# Compatibility HP Gen8 Servers with FreeBSD 9.1



## Cxr (Jul 22, 2013)

Dear

I wonder if any of you have had a chance to install FreeBSD 9.1 on a server with the following features. Have you had a compatibility issue?

Server: HP ProLiant DL320e Gen8, Intel Xeon E3-1220 v2 3.1GHz / 8MB / 4 cores, 4 GB
HDD: HP 450GB 6G SAS 15K 3.5IN SC (Amount: 2)
Card HP Ethernet 10 Gb 2-port 530T Adapter (Amount: 1)

Specifically these two:

1. HP 10 Gb Ethernet card based on the chipset: BCM57810S
2. HP 1 Gb 330i Ethernet Adapter 2 Ports per controller

Thanks for your reply.


----------



## jason321 (Aug 2, 2013)

You can install FreeBSD 9.1 on those specifications.

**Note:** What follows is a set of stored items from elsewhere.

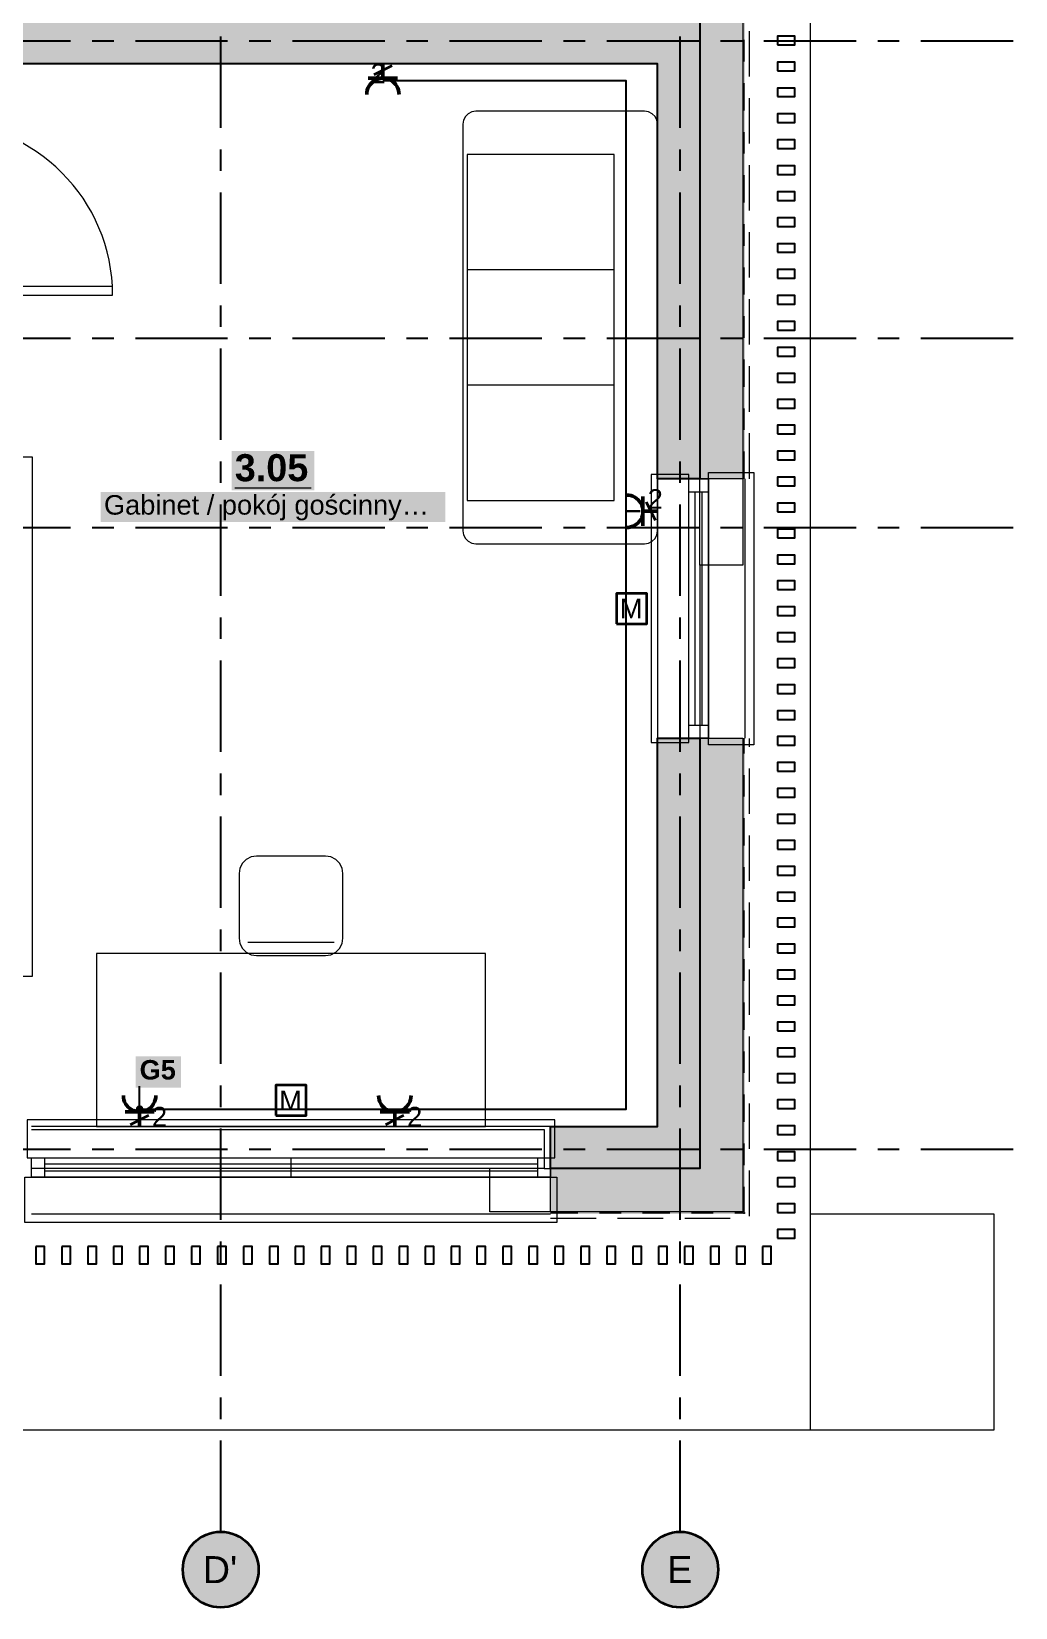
# Model space of a CAD drawing. Header units: metres. Extents: x -3.2 to 13.5, y -2.1 to 9.6.
# Drawn here: x 9 to 13.55, y -2.12 to 5.17 of the extents above; entities that cross this region are included whole.
import ezdxf

# ---------------------------------------------------------------- set-up
doc = ezdxf.new("R2010")
doc.units = ezdxf.units.M
for name, pattern in [('KRESKOWA', [5.25, 4.2, -1.05]), ('PUNKTOWA', [10.5, 8.4, -1.05, 0, -1.05]), ('PUNKTOWA_KROTKA', [6.3, 4.2, -1.05, 0, -1.05])]:
    doc.linetypes.add(name, pattern=pattern)
doc.layers.add('A-MASKA', color=7, linetype='Continuous', lineweight=18)
doc.layers.add('E-OPISY', color=2, linetype='Continuous', lineweight=25)
for name, color, linetype, lineweight, true_color in [('E-GNIAZDA', 1, 'Continuous', 35, 0xc00000), ('E-TRASY', 8, 'Continuous', 25, 0x606060), ('I-OSIE', 8, 'PUNKTOWA', 18, 0x7a7a7a), ('I-PODKLAD', 8, 'Continuous', 18, 0x9a9a9a), ('I-PODKLAD-SCIANY', 8, 'Continuous', 25, 0x6e6e6e), ('I-PODKLAD-WYPELN', 254, 'Continuous', 18, 0xe6e6e6), ('I-POMIESZCZENIA', 8, 'Continuous', 25, 0x4a4a4a)]:
    doc.layers.add(name, color=color, linetype=linetype, lineweight=lineweight, true_color=true_color)
doc.styles.add('PL_ARIAL', font='arial.ttf')
doc.styles.add('PL_ARIAL_B', font='arialbd.ttf')

msp = doc.modelspace()

# ---------------------------------------------------------------- hatches: boundary and pattern name
at = {"layer": 'A-MASKA', "true_color": 0xffffff}
for points in [[(9.9251, 3.0465), (10.3087, 3.0465), (10.3087, 3.229), (9.9251, 3.229)], [(9.3203, 2.8997), (10.9136, 2.8997), (10.9136, 3.0395), (9.3203, 3.0395)], [(9.4825, 0.2845), (9.692, 0.2845), (9.692, 0.4293), (9.4825, 0.4293)]]:
    msp.add_hatch(color=7, dxfattribs=at).paths.add_polyline_path(points)
at = {"layer": 'E-OPISY', "true_color": 0x000000}
msp.add_hatch(color=7, dxfattribs=at).paths.add_polyline_path([(9.5175, 0.185), (9.5169, 0.1895), (9.5152, 0.1938), (9.5124, 0.1974), (9.5087, 0.2002), (9.5045, 0.2019), (9.5, 0.2025), (9.4955, 0.2019), (9.4913, 0.2002), (9.4876, 0.1974), (9.4848, 0.1938), (9.4831, 0.1895), (9.4825, 0.185), (9.4831, 0.1805), (9.4848, 0.1763), (9.4876, 0.1726), (9.4913, 0.1698), (9.4955, 0.1681), (9.5, 0.1675), (9.5045, 0.1681), (9.5087, 0.1698), (9.5124, 0.1726), (9.5152, 0.1763), (9.5169, 0.1805)])
at = {"layer": 'I-OSIE', "true_color": 0xffffff}
for points in [[(10.05, -1.945), (10.0485, -1.9222), (10.044, -1.8997), (10.0367, -1.878), (10.0266, -1.8575), (10.0138, -1.8385), (9.9987, -1.8213), (9.9815, -1.8062), (9.9625, -1.7934), (9.942, -1.7833), (9.9203, -1.776), (9.8978, -1.7715), (9.875, -1.77), (9.8522, -1.7715), (9.8297, -1.776), (9.808, -1.7833), (9.7875, -1.7934), (9.7685, -1.8062), (9.7513, -1.8213), (9.7362, -1.8385), (9.7234, -1.8575), (9.7133, -1.878), (9.706, -1.8997), (9.7015, -1.9222), (9.7, -1.945), (9.7015, -1.9678), (9.706, -1.9903), (9.7133, -2.012), (9.7234, -2.0325), (9.7362, -2.0515), (9.7513, -2.0687), (9.7685, -2.0838), (9.7875, -2.0966), (9.808, -2.1067), (9.8297, -2.114), (9.8522, -2.1185), (9.875, -2.12), (9.8978, -2.1185), (9.9203, -2.114), (9.942, -2.1067), (9.9625, -2.0966), (9.9815, -2.0838), (9.9987, -2.0687), (10.0138, -2.0515), (10.0266, -2.0325), (10.0367, -2.012), (10.044, -1.9903), (10.0485, -1.9678)], [(12.175, -1.945), (12.1735, -1.9222), (12.169, -1.8997), (12.1617, -1.878), (12.1516, -1.8575), (12.1388, -1.8385), (12.1237, -1.8213), (12.1065, -1.8062), (12.0875, -1.7934), (12.067, -1.7833), (12.0453, -1.776), (12.0228, -1.7715), (12, -1.77), (11.9772, -1.7715), (11.9547, -1.776), (11.933, -1.7833), (11.9125, -1.7934), (11.8935, -1.8062), (11.8763, -1.8213), (11.8612, -1.8385), (11.8484, -1.8575), (11.8383, -1.878), (11.831, -1.8997), (11.8265, -1.9222), (11.825, -1.945), (11.8265, -1.9678), (11.831, -1.9903), (11.8383, -2.012), (11.8484, -2.0325), (11.8612, -2.0515), (11.8763, -2.0687), (11.8935, -2.0838), (11.9125, -2.0966), (11.933, -2.1067), (11.9547, -2.114), (11.9772, -2.1185), (12, -2.12), (12.0228, -2.1185), (12.0453, -2.114), (12.067, -2.1067), (12.0875, -2.0966), (12.1065, -2.0838), (12.1237, -2.0687), (12.1388, -2.0515), (12.1516, -2.0325), (12.1617, -2.012), (12.169, -1.9903), (12.1735, -1.9678)]]:
    msp.add_hatch(color=7, dxfattribs=at).paths.add_polyline_path(points)
at = {"layer": 'I-PODKLAD-WYPELN', "true_color": 0xe4e4e4}
h = msp.add_hatch(color=7, dxfattribs=at)
h.paths.add_polyline_path([(8.8, 5.02), (8.8, 5.02), (8.8, 5.035), (8.8, 5.035), (8.8, 5.035), (8.8, 5.035), (8.8, 5.035), (8.8, 5.035), (8.8, 5.035), (8.8, 5.035), (8.8, 5.035), (8.8, 5.035), (8.8, 5.035), (8.8, 5.035), (8.8, 5.035), (8.8, 5.035), (8.8, 5.035), (8.8, 5.035), (8.8, 5.035), (8.59, 5.035), (8.59, 5.035), (8.59, 5.035), (8.59, 5.125), (8.59, 5.125), (8.59, 5.125), (8.575, 5.125), (8.575, 4.8), (8.56, 4.8), (8.425, 4.8), (8.425, 5.125), (8.395, 5.125), (8.395, 5.125), (8.395, 5.125), (8.395, 8.645), (8.395, 8.645), (8.395, 8.645), (8.395, 8.645), (8.1, 8.645), (8.1, 8.84), (8.1, 9.05), (8.8, 9.05), (8.8, 5.425), (8.8, 5.425), (8.8, 5.425), (12.3, 5.425), (12.3, 5.425), (12.3, 5.425), (12.3, 5.425), (12.3, 3.1), (12.29, 3.1), (12.09, 3.1), (12.09, 3.1), (12.09, 3.1), (12.09, 3.1), (11.895, 3.1), (11.895, 3.1), (11.895, 3.1), (11.895, 5.02), (11.895, 5.02), (11.895, 5.02), (11.895, 5.02), (11.895, 5.02), (11.895, 5.02), (8.8, 5.02)])
h.paths.add_polyline_path([(11.91, 5.215), (11.91, 5.215), (11.91, 5.215), (11.91, 5.215), (11.91, 5.215)], flags=0)
h.paths.add_polyline_path([(12.09, 5.215), (12.09, 5.215), (12.09, 5.215), (12.09, 5.215), (12.09, 5.215), (12.09, 5.215)], flags=0)
h.paths.add_polyline_path([(8.59, 5.215), (8.59, 5.215), (8.59, 5.215), (8.59, 5.215)], flags=0)
h.paths.add_polyline_path([(8.8, 5.215), (8.8, 5.215), (8.8, 5.215), (8.8, 5.215)], flags=0)
h.paths.add_polyline_path([(8.41, 8.66), (8.41, 8.66), (8.41, 8.66), (8.41, 8.66)], flags=0)
h.paths.add_polyline_path([(8.59, 8.66), (8.59, 8.66), (8.59, 8.66), (8.59, 8.66)], flags=0)
h = msp.add_hatch(color=7, dxfattribs=at)
h.paths.add_polyline_path([(11.4, 0.105), (11.895, 0.105), (11.895, 0.105), (11.895, 0.105), (11.895, 0.105), (11.895, 0.105), (11.895, 0.105), (11.895, 1.9), (11.895, 1.9), (11.895, 1.9), (12.09, 1.9), (12.09, 1.9), (12.09, 1.9), (12.09, 1.9), (12.29, 1.9), (12.3, 1.9), (12.3, -0.3), (11.4, -0.3), (11.4, -0.29), (11.4, -0.09), (11.4, -0.09), (11.4, -0.09), (11.4, -0.09), (11.4, 0.105), (11.4, 0.105)])
h.paths.add_polyline_path([(12.09, 0.09), (12.09, 0.09), (12.09, 0.09), (12.09, 0.09), (12.09, 0.09), (12.09, 0.09)], flags=0)
h.paths.add_polyline_path([(12.09, -0.09), (12.09, -0.09), (12.09, -0.09), (12.09, -0.09)], flags=0)

# ---------------------------------------------------------------- linework, layer by layer
at = {"layer": 'E-GNIAZDA', "lineweight": 35, "ltscale": 0.05}
for points in [[(10.667, 5.0106), (10.583, 4.9686)], [(11.8856, 2.908), (11.8436, 2.992)], [(9.458, 0.1144), (9.542, 0.1564)], [(10.638, 0.1144), (10.722, 0.1564)]]:
    msp.add_lwpolyline(points, dxfattribs=at)
at = {"layer": 'E-GNIAZDA', "lineweight": 50, "ltscale": 0.05}
for points in [[(10.625, 5.02), (10.625, 4.9525)], [(10.7, 4.8775), (10.6994, 4.8873), (10.6974, 4.8969), (10.6943, 4.9062), (10.69, 4.915), (10.6845, 4.9232), (10.678, 4.9305), (10.6707, 4.937), (10.6625, 4.9425), (10.6537, 4.9468), (10.6444, 4.9499), (10.6348, 4.9519), (10.625, 4.9525), (10.6152, 4.9519), (10.6056, 4.9499), (10.5963, 4.9468), (10.5875, 4.9425), (10.5793, 4.937), (10.572, 4.9305), (10.5655, 4.9232), (10.56, 4.915), (10.5557, 4.9062), (10.5526, 4.8969), (10.5506, 4.8873), (10.55, 4.8775)], [(10.6925, 4.9525), (10.5575, 4.9525)], [(11.7525, 2.875), (11.7623, 2.8756), (11.7719, 2.8776), (11.7812, 2.8807), (11.79, 2.885), (11.7982, 2.8905), (11.8055, 2.897), (11.812, 2.9043), (11.8175, 2.9125), (11.8218, 2.9213), (11.8249, 2.9306), (11.8269, 2.9402), (11.8275, 2.95), (11.8269, 2.9598), (11.8249, 2.9694), (11.8218, 2.9787), (11.8175, 2.9875), (11.812, 2.9957), (11.8055, 3.003), (11.7982, 3.0095), (11.79, 3.015), (11.7812, 3.0193), (11.7719, 3.0224), (11.7623, 3.0244), (11.7525, 3.025)], [(11.8275, 2.8825), (11.8275, 3.0175)], [(11.895, 2.95), (11.8275, 2.95)], [(9.425, 0.2475), (9.4256, 0.2377), (9.4276, 0.2281), (9.4307, 0.2188), (9.435, 0.21), (9.4405, 0.2018), (9.447, 0.1945), (9.4543, 0.188), (9.4625, 0.1825), (9.4713, 0.1782), (9.4806, 0.1751), (9.4902, 0.1731), (9.5, 0.1725), (9.5098, 0.1731), (9.5194, 0.1751), (9.5287, 0.1782), (9.5375, 0.1825), (9.5457, 0.188), (9.553, 0.1945), (9.5595, 0.2018), (9.565, 0.21), (9.5693, 0.2188), (9.5724, 0.2281), (9.5744, 0.2377), (9.575, 0.2475)], [(10.605, 0.2475), (10.6056, 0.2377), (10.6076, 0.2281), (10.6107, 0.2188), (10.615, 0.21), (10.6205, 0.2018), (10.627, 0.1945), (10.6343, 0.188), (10.6425, 0.1825), (10.6513, 0.1782), (10.6606, 0.1751), (10.6702, 0.1731), (10.68, 0.1725), (10.6898, 0.1731), (10.6994, 0.1751), (10.7087, 0.1782), (10.7175, 0.1825), (10.7257, 0.188), (10.733, 0.1945), (10.7395, 0.2018), (10.745, 0.21), (10.7493, 0.2188), (10.7524, 0.2281), (10.7544, 0.2377), (10.755, 0.2475)], [(9.4325, 0.1725), (9.5675, 0.1725)], [(9.5, 0.105), (9.5, 0.1725)], [(10.6125, 0.1725), (10.7475, 0.1725)], [(10.68, 0.105), (10.68, 0.1725)]]:
    msp.add_lwpolyline(points, dxfattribs=at)
at = {"layer": 'E-GNIAZDA', "lineweight": 35, "ltscale": 0.05}
for points in [[(11.705, 2.43), (11.845, 2.43), (11.845, 2.57), (11.705, 2.57)], [(10.13, 0.155), (10.27, 0.155), (10.27, 0.295), (10.13, 0.295)]]:
    msp.add_lwpolyline(points, close=True, dxfattribs=at)
at = {"layer": 'E-OPISY', "lineweight": 25, "ltscale": 0.05}
msp.add_lwpolyline([(9.5, 0.185), (9.5, 0.2903)], dxfattribs=at)
at = {"layer": 'E-TRASY', "linetype": 'Continuous', "lineweight": 25, "ltscale": 0.05, "flags": 128}
for points in [[(11.815, 2.95), (11.75, 2.95), (11.75, 4.94), (10.625, 4.94)], [(10.68, 0.185), (11.75, 0.185), (11.75, 2.95), (11.815, 2.95)], [(9.5, 0.185), (10.68, 0.185)]]:
    msp.add_lwpolyline(points, dxfattribs=at)
at = {"layer": 'I-OSIE', "linetype": 'PUNKTOWA', "lineweight": 25, "ltscale": 0.050183, "flags": 128}
for points in [[(9.875, -1.77), (9.875, 9.19)], [(12, -1.77), (12, 9.19)]]:
    msp.add_lwpolyline(points, dxfattribs=at)
at = {"layer": 'I-OSIE', "linetype": 'PUNKTOWA', "lineweight": 25, "ltscale": 0.050773, "flags": 128}
for points in [[(-2.87, 5.125), (13.55, 5.125)], [(-2.87, 3.75), (13.55, 3.75)], [(-2.87, 2.875), (13.55, 2.875)], [(-2.87, 0), (13.55, 0)]]:
    msp.add_lwpolyline(points, dxfattribs=at)
at = {"layer": 'I-OSIE', "linetype": 'Continuous', "lineweight": 35, "ltscale": 0.05}
for centre in [(9.875, -1.945), (12, -1.945)]:
    msp.add_circle(centre, 0.175, dxfattribs=at)
at = {"layer": 'I-PODKLAD', "lineweight": 13, "ltscale": 0.05}
for points in [[(12.3255, 5.425), (12.6, 5.425), (12.6, -1.3), (-2.4, -1.3), (-2.4, 5.425), (-1.3005, 5.425)], [(11.895, 3.0995), (11.895, 1.9005)], [(12.29, 3.0995), (12.29, 2.7), (12.09, 2.7), (12.09, 3.0995)], [(12.3, 1.9005), (12.3, 3.0995)], [(12.09, 2.6995), (12.09, 1.9005)], [(11.3995, 0.105), (9.0005, 0.105)], [(9.0005, 0.09), (11.37, 0.09), (11.37, -0.09), (9.0005, -0.09)], [(11.3995, -0.29), (11.12, -0.29), (11.12, -0.0905)], [(11.3705, -0.09), (11.3995, -0.09)], [(9.0005, -0.3), (11.3995, -0.3)], [(12.6005, -0.3), (13.45, -0.3), (13.45, -1.3), (12.6005, -1.3)]]:
    msp.add_lwpolyline(points, dxfattribs=at)
at = {"layer": 'I-PODKLAD', "linetype": 'KRESKOWA', "lineweight": 13, "ltscale": 0.05, "flags": 128}
for points in [[(12.32, 3.1005), (12.32, 5.425), (12.6, 5.425), (12.6, -1.3), (-2.4, -1.3), (-2.4, 5.425), (-1.32, 5.425), (-1.32, 3.7005)], [(11.4005, -0.32), (12.32, -0.32), (12.32, 1.8995)]]:
    msp.add_lwpolyline(points, dxfattribs=at)
at = {"layer": 'I-PODKLAD', "lineweight": 13, "ltscale": 0.05, "true_color": 0xb8b8b8}
for points in [[(11.895, 4.74), (11.8921, 4.7585), (11.8835, 4.7753), (11.8703, 4.7885), (11.8535, 4.7971), (11.835, 4.8), (11.055, 4.8), (11.0365, 4.7971), (11.0197, 4.7885), (11.0065, 4.7753), (10.9979, 4.7585), (10.995, 4.74), (10.995, 2.86), (10.9979, 2.8415), (11.0065, 2.8247), (11.0197, 2.8115), (11.0365, 2.8029), (11.055, 2.8), (11.835, 2.8), (11.8535, 2.8029), (11.8703, 2.8115), (11.8835, 2.8247), (11.8921, 2.8415), (11.895, 2.86)], [(11.695, 3), (11.695, 4.6), (11.015, 4.6), (11.015, 3)], [(8.605, 3.2), (8.605, 0.8), (9.005, 0.8), (9.005, 3.2)], [(10.04, 1.355), (10.0153, 1.3511), (9.993, 1.3397), (9.9753, 1.322), (9.9639, 1.2997), (9.96, 1.275), (9.96, 0.975), (9.9639, 0.9503), (9.9753, 0.928), (9.993, 0.9103), (10.0153, 0.8989), (10.04, 0.895), (10.36, 0.895), (10.3847, 0.8989), (10.407, 0.9103), (10.4247, 0.928), (10.4361, 0.9503), (10.44, 0.975), (10.44, 1.275), (10.4361, 1.2997), (10.4247, 1.322), (10.407, 1.3397), (10.3847, 1.3511), (10.36, 1.355)], [(9.3, 0.105), (11.1, 0.105), (11.1, 0.905), (9.3, 0.905)]]:
    msp.add_lwpolyline(points, close=True, dxfattribs=at)
for points in [[(11.695, 4.0667), (11.015, 4.0667)], [(11.695, 3.5333), (11.015, 3.5333)], [(10.4, 0.955), (10, 0.955)]]:
    msp.add_lwpolyline(points, dxfattribs=at)
at = {"layer": 'I-PODKLAD', "lineweight": 18, "ltscale": 0.05}
for points in [[(8.575, 3.95), (9.375, 3.95), (9.375, 3.99), (8.575, 3.99)], [(12.04, 1.88), (12.04, 3.12), (11.865, 3.12), (11.865, 1.88)], [(12.04, 1.9), (12.04, 3.1), (12.13, 3.1), (12.13, 1.9)], [(12.13, 1.87), (12.13, 3.13), (12.34, 3.13), (12.34, 1.87)], [(8.98, -0.04), (11.42, -0.04), (11.42, 0.135), (8.98, 0.135)], [(9, -0.04), (11.4, -0.04), (11.4, -0.13), (9, -0.13)], [(8.97, -0.13), (11.43, -0.13), (11.43, -0.34), (8.97, -0.34)]]:
    msp.add_lwpolyline(points, close=True, dxfattribs=at)
for points in [[(12.04, 3.04), (12.13, 3.04)], [(12.0688, 1.96), (12.0688, 3.04)], [(12.1012, 1.96), (12.1012, 3.04)], [(12.04, 1.96), (12.13, 1.96)], [(9.06, -0.04), (9.06, -0.13)], [(9.06, -0.0688), (11.34, -0.0688)], [(10.2, -0.04), (10.2, -0.13)], [(11.34, -0.04), (11.34, -0.13)], [(9.06, -0.1012), (11.34, -0.1012)]]:
    msp.add_lwpolyline(points, dxfattribs=at)
at = {"layer": 'I-PODKLAD', "lineweight": 13, "ltscale": 0.05}
msp.add_arc((8.575, 3.95), 0.8, 0, 90, dxfattribs=at)
at = {"layer": 'I-PODKLAD-SCIANY', "lineweight": 13, "ltscale": 0.05}
for points in [[(12.09, 5.215), (12.09, 5.215), (12.09, 5.215), (12.29, 5.415), (12.29, 5.415), (12.29, 5.415), (12.29, 3.1), (12.29, 3.1), (12.29, 3.1), (12.09, 3.1), (12.09, 3.1), (12.09, 3.1)], [(11.4, -0.29), (11.4, -0.29), (11.4, -0.09), (11.4, -0.09), (11.4, -0.09), (12.09, -0.09), (12.09, -0.09), (12.09, -0.09), (12.09, -0.09), (12.09, -0.09), (12.09, -0.09), (12.09, -0.09), (12.09, -0.09), (12.09, -0.09), (12.09, -0.09), (12.09, -0.09), (12.09, -0.09), (12.09, -0.09), (12.09, -0.09), (12.09, -0.09), (12.09, -0.09), (12.09, -0.09), (12.09, 1.9), (12.09, 1.9), (12.09, 1.9), (12.29, 1.9), (12.29, 1.9), (12.29, 1.9), (12.29, -0.29), (12.29, -0.29), (12.29, -0.29), (11.4, -0.29)]]:
    msp.add_lwpolyline(points, close=True, dxfattribs=at)
at = {"layer": 'I-PODKLAD-SCIANY', "linetype": 'PUNKTOWA_KROTKA', "lineweight": 13, "ltscale": 0.03, "flags": 128}
for points in [[(12.295, 3.1), (12.295, 5.425)], [(12.295, -0.3), (12.295, 1.9)], [(11.4, -0.295), (12.3, -0.295)]]:
    msp.add_lwpolyline(points, dxfattribs=at)
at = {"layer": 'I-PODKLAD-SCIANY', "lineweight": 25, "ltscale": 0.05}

As for details about Ethernet on FreeBSD, everything is controlled by drivers, for example: ae(4) that supports Attansic/Atheros L2 PCIe FastEthernet controllers, and are known to support the following hardware:
ASUS EeePC 701
ASUS EeePC 900

Other drivers are age(4), ale(4), axe(4) and bce(4).

Please see this tutorial to understand better http://www.freebsd.org/releases/9.1R/hardware.html#ETHERNET.


----------